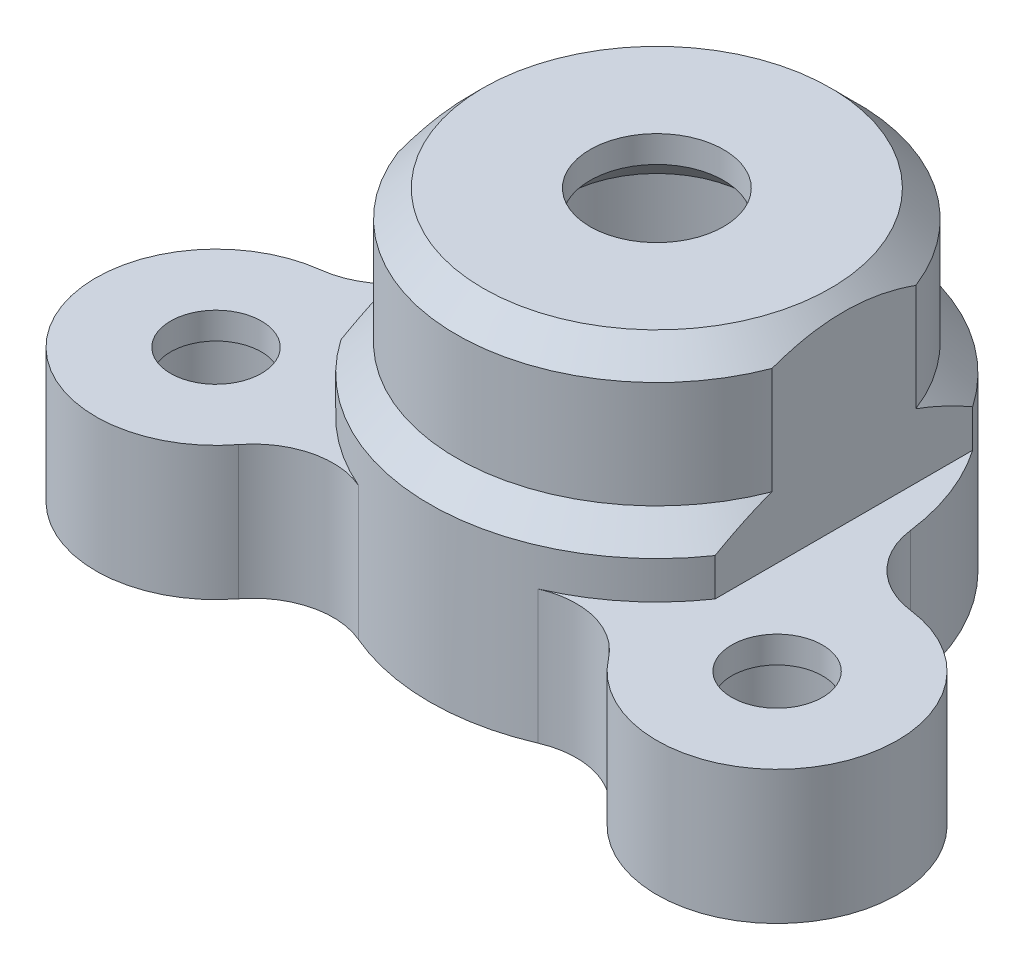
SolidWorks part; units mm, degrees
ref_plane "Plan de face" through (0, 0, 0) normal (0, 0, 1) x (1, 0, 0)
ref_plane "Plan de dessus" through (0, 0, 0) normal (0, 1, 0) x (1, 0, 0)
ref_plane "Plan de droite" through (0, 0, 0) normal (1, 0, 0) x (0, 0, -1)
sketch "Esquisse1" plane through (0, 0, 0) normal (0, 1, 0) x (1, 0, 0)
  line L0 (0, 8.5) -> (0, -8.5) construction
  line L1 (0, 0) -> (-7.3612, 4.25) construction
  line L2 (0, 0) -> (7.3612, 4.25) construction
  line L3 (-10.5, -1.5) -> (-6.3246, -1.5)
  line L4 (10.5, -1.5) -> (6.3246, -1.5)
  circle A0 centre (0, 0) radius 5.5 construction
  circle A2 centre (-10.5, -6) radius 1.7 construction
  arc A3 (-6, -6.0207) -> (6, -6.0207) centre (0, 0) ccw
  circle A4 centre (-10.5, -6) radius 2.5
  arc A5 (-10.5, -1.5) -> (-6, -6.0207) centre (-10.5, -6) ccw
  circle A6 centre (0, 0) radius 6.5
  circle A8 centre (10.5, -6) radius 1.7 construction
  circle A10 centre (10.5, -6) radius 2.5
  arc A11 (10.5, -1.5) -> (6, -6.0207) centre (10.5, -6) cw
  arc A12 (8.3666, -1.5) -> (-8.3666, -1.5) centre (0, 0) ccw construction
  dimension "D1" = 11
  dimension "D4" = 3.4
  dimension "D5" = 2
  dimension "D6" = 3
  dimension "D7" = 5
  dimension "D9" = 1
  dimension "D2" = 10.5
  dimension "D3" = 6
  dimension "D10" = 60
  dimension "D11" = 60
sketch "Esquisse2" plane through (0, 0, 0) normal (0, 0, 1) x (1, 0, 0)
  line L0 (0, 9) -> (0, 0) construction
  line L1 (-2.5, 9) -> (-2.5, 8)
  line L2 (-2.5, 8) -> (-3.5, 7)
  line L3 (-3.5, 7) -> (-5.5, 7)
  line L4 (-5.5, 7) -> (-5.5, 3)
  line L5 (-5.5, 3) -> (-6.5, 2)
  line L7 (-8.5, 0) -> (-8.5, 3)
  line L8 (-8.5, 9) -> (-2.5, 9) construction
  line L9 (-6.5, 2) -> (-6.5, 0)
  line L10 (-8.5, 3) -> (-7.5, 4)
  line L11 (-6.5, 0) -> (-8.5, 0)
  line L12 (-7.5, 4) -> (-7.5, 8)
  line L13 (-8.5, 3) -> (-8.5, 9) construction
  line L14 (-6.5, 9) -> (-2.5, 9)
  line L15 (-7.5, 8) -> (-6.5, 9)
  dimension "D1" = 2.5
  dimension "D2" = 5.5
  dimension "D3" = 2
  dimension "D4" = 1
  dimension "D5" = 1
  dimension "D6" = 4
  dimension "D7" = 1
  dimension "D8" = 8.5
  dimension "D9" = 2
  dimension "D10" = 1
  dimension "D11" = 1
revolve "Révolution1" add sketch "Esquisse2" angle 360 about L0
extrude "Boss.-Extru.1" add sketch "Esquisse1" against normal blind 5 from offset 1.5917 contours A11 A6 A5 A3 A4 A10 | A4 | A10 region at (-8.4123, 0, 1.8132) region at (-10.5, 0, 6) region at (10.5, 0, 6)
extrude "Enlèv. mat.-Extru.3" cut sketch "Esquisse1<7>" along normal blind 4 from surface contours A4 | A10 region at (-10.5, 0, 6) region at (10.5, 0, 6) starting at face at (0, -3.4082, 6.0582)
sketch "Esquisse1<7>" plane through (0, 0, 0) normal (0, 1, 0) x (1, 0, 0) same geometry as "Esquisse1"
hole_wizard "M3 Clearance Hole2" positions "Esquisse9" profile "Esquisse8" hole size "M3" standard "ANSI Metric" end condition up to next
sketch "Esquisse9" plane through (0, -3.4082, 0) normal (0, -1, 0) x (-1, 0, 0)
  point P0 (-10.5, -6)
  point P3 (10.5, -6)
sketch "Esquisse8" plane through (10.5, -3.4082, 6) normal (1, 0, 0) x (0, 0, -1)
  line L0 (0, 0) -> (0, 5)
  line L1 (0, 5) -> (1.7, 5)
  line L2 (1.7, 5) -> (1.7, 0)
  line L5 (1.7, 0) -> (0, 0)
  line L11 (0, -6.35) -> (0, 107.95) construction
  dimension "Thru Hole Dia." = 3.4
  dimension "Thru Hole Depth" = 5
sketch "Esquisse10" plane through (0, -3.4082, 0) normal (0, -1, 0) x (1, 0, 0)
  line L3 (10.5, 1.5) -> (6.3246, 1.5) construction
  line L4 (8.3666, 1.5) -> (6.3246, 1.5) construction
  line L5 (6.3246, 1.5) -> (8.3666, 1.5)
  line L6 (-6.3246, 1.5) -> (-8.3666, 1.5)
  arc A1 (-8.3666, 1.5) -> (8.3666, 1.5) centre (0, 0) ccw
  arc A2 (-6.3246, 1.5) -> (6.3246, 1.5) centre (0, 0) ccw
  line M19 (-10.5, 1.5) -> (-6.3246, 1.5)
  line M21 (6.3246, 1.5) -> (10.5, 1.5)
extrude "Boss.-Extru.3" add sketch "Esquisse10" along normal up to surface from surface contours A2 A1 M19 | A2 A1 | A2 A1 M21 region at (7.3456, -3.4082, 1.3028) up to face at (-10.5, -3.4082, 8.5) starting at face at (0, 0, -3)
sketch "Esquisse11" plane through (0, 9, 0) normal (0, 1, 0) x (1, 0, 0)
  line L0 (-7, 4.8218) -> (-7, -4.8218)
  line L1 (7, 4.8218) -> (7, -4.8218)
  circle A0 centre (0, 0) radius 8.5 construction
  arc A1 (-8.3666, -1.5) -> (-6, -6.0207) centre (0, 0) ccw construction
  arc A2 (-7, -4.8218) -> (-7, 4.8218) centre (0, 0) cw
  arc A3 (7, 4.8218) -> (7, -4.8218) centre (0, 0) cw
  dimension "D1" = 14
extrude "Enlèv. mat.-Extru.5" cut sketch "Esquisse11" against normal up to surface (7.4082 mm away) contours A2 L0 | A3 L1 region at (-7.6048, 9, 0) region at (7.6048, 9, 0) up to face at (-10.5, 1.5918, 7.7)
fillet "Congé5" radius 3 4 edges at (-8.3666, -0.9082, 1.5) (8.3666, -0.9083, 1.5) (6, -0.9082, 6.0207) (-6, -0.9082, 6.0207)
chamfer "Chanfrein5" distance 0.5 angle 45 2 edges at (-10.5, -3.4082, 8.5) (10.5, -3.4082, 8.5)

= = = = =

Output the material above exactly, without pictures.

SolidWorks part; units mm, degrees
ref_plane "Plan de face" through (0, 0, 0) normal (0, 0, 1) x (1, 0, 0)
ref_plane "Plan de dessus" through (0, 0, 0) normal (0, 1, 0) x (1, 0, 0)
ref_plane "Plan de droite" through (0, 0, 0) normal (1, 0, 0) x (0, 0, -1)
sketch "Esquisse1" plane through (0, 0, 0) normal (0, 1, 0) x (1, 0, 0)
  line L0 (0, 8.5) -> (0, -8.5) construction
  line L1 (0, 0) -> (-7.3612, 4.25) construction
  line L2 (0, 0) -> (7.3612, 4.25) construction
  line L3 (-10.5, -1.5) -> (-6.3246, -1.5)
  line L4 (10.5, -1.5) -> (6.3246, -1.5)
  circle A0 centre (0, 0) radius 5.5 construction
  circle A2 centre (-10.5, -6) radius 1.7 construction
  arc A3 (-6, -6.0207) -> (6, -6.0207) centre (0, 0) ccw
  circle A4 centre (-10.5, -6) radius 2.5
  arc A5 (-10.5, -1.5) -> (-6, -6.0207) centre (-10.5, -6) ccw
  circle A6 centre (0, 0) radius 6.5
  circle A8 centre (10.5, -6) radius 1.7 construction
  circle A10 centre (10.5, -6) radius 2.5
  arc A11 (10.5, -1.5) -> (6, -6.0207) centre (10.5, -6) cw
  arc A12 (8.3666, -1.5) -> (-8.3666, -1.5) centre (0, 0) ccw construction
  dimension "D1" = 11
  dimension "D4" = 3.4
  dimension "D5" = 2
  dimension "D6" = 3
  dimension "D7" = 5
  dimension "D9" = 1
  dimension "D2" = 10.5
  dimension "D3" = 6
  dimension "D10" = 60
  dimension "D11" = 60
sketch "Esquisse2" plane through (0, 0, 0) normal (0, 0, 1) x (1, 0, 0)
  line L0 (0, 9) -> (0, 0) construction
  line L1 (-2.5, 9) -> (-2.5, 8)
  line L2 (-2.5, 8) -> (-3.5, 7)
  line L3 (-3.5, 7) -> (-5.5, 7)
  line L4 (-5.5, 7) -> (-5.5, 3)
  line L5 (-5.5, 3) -> (-6.5, 2)
  line L7 (-8.5, 0) -> (-8.5, 3)
  line L8 (-8.5, 9) -> (-2.5, 9) construction
  line L9 (-6.5, 2) -> (-6.5, 0)
  line L10 (-8.5, 3) -> (-7.5, 4)
  line L11 (-6.5, 0) -> (-8.5, 0)
  line L12 (-7.5, 4) -> (-7.5, 8)
  line L13 (-8.5, 3) -> (-8.5, 9) construction
  line L14 (-6.5, 9) -> (-2.5, 9)
  line L15 (-7.5, 8) -> (-6.5, 9)
  dimension "D1" = 2.5
  dimension "D2" = 5.5
  dimension "D3" = 2
  dimension "D4" = 1
  dimension "D5" = 1
  dimension "D6" = 4
  dimension "D7" = 1
  dimension "D8" = 8.5
  dimension "D9" = 2
  dimension "D10" = 1
  dimension "D11" = 1
revolve "Révolution1" add sketch "Esquisse2" angle 360 about L0
extrude "Boss.-Extru.1" add sketch "Esquisse1" against normal blind 5 from offset 1.5917 contours A11 A6 A5 A3 A4 A10 | A4 | A10 region at (-8.4123, 0, 1.8132) region at (-10.5, 0, 6) region at (10.5, 0, 6)
extrude "Enlèv. mat.-Extru.3" cut sketch "Esquisse1<7>" along normal blind 4 from surface contours A4 | A10 region at (-10.5, 0, 6) region at (10.5, 0, 6) starting at face at (0, -3.4082, 6.0582)
sketch "Esquisse1<7>" plane through (0, 0, 0) normal (0, 1, 0) x (1, 0, 0) same geometry as "Esquisse1"
hole_wizard "M3 Clearance Hole2" positions "Esquisse9" profile "Esquisse8" hole size "M3" standard "ANSI Metric" end condition up to next
sketch "Esquisse9" plane through (0, -3.4082, 0) normal (0, -1, 0) x (-1, 0, 0)
  point P0 (-10.5, -6)
  point P3 (10.5, -6)
sketch "Esquisse8" plane through (10.5, -3.4082, 6) normal (1, 0, 0) x (0, 0, -1)
  line L0 (0, 0) -> (0, 5)
  line L1 (0, 5) -> (1.7, 5)
  line L2 (1.7, 5) -> (1.7, 0)
  line L5 (1.7, 0) -> (0, 0)
  line L11 (0, -6.35) -> (0, 107.95) construction
  dimension "Thru Hole Dia." = 3.4
  dimension "Thru Hole Depth" = 5
sketch "Esquisse10" plane through (0, -3.4082, 0) normal (0, -1, 0) x (1, 0, 0)
  line L3 (10.5, 1.5) -> (6.3246, 1.5) construction
  line L4 (8.3666, 1.5) -> (6.3246, 1.5) construction
  line L5 (6.3246, 1.5) -> (8.3666, 1.5)
  line L6 (-6.3246, 1.5) -> (-8.3666, 1.5)
  arc A1 (-8.3666, 1.5) -> (8.3666, 1.5) centre (0, 0) ccw
  arc A2 (-6.3246, 1.5) -> (6.3246, 1.5) centre (0, 0) ccw
  line M19 (-10.5, 1.5) -> (-6.3246, 1.5)
  line M21 (6.3246, 1.5) -> (10.5, 1.5)
extrude "Boss.-Extru.3" add sketch "Esquisse10" along normal up to surface from surface contours A2 A1 M19 | A2 A1 | A2 A1 M21 region at (7.3456, -3.4082, 1.3028) up to face at (-10.5, -3.4082, 8.5) starting at face at (0, 0, -3)
sketch "Esquisse11" plane through (0, 9, 0) normal (0, 1, 0) x (1, 0, 0)
  line L0 (-7, 4.8218) -> (-7, -4.8218)
  line L1 (7, 4.8218) -> (7, -4.8218)
  circle A0 centre (0, 0) radius 8.5 construction
  arc A1 (-8.3666, -1.5) -> (-6, -6.0207) centre (0, 0) ccw construction
  arc A2 (-7, -4.8218) -> (-7, 4.8218) centre (0, 0) cw
  arc A3 (7, 4.8218) -> (7, -4.8218) centre (0, 0) cw
  dimension "D1" = 14
extrude "Enlèv. mat.-Extru.5" cut sketch "Esquisse11" against normal up to surface (7.4082 mm away) contours A2 L0 | A3 L1 region at (-7.6048, 9, 0) region at (7.6048, 9, 0) up to face at (-10.5, 1.5918, 7.7)
fillet "Congé5" radius 3 4 edges at (-8.3666, -0.9082, 1.5) (8.3666, -0.9083, 1.5) (6, -0.9082, 6.0207) (-6, -0.9082, 6.0207)
chamfer "Chanfrein5" distance 0.5 angle 45 2 edges at (-10.5, -3.4082, 8.5) (10.5, -3.4082, 8.5)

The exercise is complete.